## ABOUT THIS TASK:
Your answer should be every line with the word "diagram", copied from the data below.

[Records from a data collection]
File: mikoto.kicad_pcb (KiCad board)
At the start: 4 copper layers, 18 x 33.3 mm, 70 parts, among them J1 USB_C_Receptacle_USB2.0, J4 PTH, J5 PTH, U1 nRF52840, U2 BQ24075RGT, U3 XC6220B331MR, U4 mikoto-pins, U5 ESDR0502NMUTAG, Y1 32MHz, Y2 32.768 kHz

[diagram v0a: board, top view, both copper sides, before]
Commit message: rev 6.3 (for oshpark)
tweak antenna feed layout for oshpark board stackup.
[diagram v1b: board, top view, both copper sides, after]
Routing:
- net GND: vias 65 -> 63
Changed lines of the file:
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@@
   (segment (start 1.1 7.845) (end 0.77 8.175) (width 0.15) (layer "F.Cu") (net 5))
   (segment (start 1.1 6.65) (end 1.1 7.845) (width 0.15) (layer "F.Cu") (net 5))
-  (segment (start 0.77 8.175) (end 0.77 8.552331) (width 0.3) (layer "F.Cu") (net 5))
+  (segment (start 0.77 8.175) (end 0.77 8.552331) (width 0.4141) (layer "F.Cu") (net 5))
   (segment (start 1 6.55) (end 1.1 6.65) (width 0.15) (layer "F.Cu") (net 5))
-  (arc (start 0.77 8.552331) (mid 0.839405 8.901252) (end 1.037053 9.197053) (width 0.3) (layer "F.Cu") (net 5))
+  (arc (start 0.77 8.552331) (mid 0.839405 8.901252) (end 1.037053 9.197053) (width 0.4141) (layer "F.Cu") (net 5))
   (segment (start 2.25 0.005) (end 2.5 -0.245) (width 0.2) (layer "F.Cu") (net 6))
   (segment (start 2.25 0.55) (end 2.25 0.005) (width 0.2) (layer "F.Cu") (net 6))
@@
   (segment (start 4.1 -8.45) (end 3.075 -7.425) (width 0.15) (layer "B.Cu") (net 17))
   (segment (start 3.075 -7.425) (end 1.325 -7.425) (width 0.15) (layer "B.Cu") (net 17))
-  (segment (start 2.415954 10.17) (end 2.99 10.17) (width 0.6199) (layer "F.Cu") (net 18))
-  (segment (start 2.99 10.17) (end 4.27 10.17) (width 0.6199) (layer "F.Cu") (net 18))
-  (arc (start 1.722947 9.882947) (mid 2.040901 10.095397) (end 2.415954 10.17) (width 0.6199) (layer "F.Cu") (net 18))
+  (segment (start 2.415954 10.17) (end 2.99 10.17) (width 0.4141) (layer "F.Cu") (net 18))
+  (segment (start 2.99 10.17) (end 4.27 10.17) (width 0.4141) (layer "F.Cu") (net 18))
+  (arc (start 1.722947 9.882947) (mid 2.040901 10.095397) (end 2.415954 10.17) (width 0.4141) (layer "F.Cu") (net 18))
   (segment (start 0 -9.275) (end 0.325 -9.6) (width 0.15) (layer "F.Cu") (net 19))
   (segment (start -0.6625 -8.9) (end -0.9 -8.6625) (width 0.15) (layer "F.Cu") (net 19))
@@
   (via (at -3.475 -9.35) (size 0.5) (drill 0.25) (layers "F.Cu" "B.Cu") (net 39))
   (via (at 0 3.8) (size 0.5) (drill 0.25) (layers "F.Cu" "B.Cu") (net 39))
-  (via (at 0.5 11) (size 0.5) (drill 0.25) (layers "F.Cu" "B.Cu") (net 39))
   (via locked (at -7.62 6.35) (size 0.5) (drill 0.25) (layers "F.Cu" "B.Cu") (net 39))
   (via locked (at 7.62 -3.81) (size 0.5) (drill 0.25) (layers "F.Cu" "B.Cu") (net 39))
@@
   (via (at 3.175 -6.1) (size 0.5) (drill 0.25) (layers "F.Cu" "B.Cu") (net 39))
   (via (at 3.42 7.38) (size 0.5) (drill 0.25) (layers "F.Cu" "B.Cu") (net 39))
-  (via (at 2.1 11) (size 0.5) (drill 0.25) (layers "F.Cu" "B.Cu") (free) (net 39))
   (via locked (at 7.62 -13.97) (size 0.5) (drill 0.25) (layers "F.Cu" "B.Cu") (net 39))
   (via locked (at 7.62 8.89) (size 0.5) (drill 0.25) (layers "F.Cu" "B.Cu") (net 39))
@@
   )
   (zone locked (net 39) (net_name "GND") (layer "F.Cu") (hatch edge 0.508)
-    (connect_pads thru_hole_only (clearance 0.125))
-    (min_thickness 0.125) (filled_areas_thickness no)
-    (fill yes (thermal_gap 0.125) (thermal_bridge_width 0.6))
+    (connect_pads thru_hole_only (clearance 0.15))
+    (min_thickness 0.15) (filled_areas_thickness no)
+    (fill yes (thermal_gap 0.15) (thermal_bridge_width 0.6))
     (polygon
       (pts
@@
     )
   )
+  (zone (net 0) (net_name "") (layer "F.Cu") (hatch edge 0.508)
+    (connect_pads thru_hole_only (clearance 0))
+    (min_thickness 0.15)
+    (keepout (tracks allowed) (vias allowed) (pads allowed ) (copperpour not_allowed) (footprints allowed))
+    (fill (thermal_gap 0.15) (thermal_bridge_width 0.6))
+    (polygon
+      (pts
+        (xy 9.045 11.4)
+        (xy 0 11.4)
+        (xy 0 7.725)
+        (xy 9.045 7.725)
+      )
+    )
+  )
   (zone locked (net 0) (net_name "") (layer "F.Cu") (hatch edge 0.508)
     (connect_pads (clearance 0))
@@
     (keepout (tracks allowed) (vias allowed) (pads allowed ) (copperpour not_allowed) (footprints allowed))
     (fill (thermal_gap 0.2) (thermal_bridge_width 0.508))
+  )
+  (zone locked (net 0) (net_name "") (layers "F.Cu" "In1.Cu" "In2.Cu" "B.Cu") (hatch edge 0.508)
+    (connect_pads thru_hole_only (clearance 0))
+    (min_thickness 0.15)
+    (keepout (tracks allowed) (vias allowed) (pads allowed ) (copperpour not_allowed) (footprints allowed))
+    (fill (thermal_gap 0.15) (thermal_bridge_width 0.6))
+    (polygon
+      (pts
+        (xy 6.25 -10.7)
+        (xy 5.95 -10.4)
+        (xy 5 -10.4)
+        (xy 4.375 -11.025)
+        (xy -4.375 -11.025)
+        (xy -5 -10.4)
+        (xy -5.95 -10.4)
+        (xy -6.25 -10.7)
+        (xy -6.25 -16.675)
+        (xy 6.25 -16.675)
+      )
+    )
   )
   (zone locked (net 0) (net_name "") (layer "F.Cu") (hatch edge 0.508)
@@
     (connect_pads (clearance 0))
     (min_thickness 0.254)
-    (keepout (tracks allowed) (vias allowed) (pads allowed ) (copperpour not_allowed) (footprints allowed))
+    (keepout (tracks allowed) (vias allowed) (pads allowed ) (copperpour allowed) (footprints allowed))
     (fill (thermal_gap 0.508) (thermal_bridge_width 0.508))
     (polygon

## WRITTEN RESPONSE:
[diagram v0a: board, top view, both copper sides, before]
[diagram v1b: board, top view, both copper sides, after]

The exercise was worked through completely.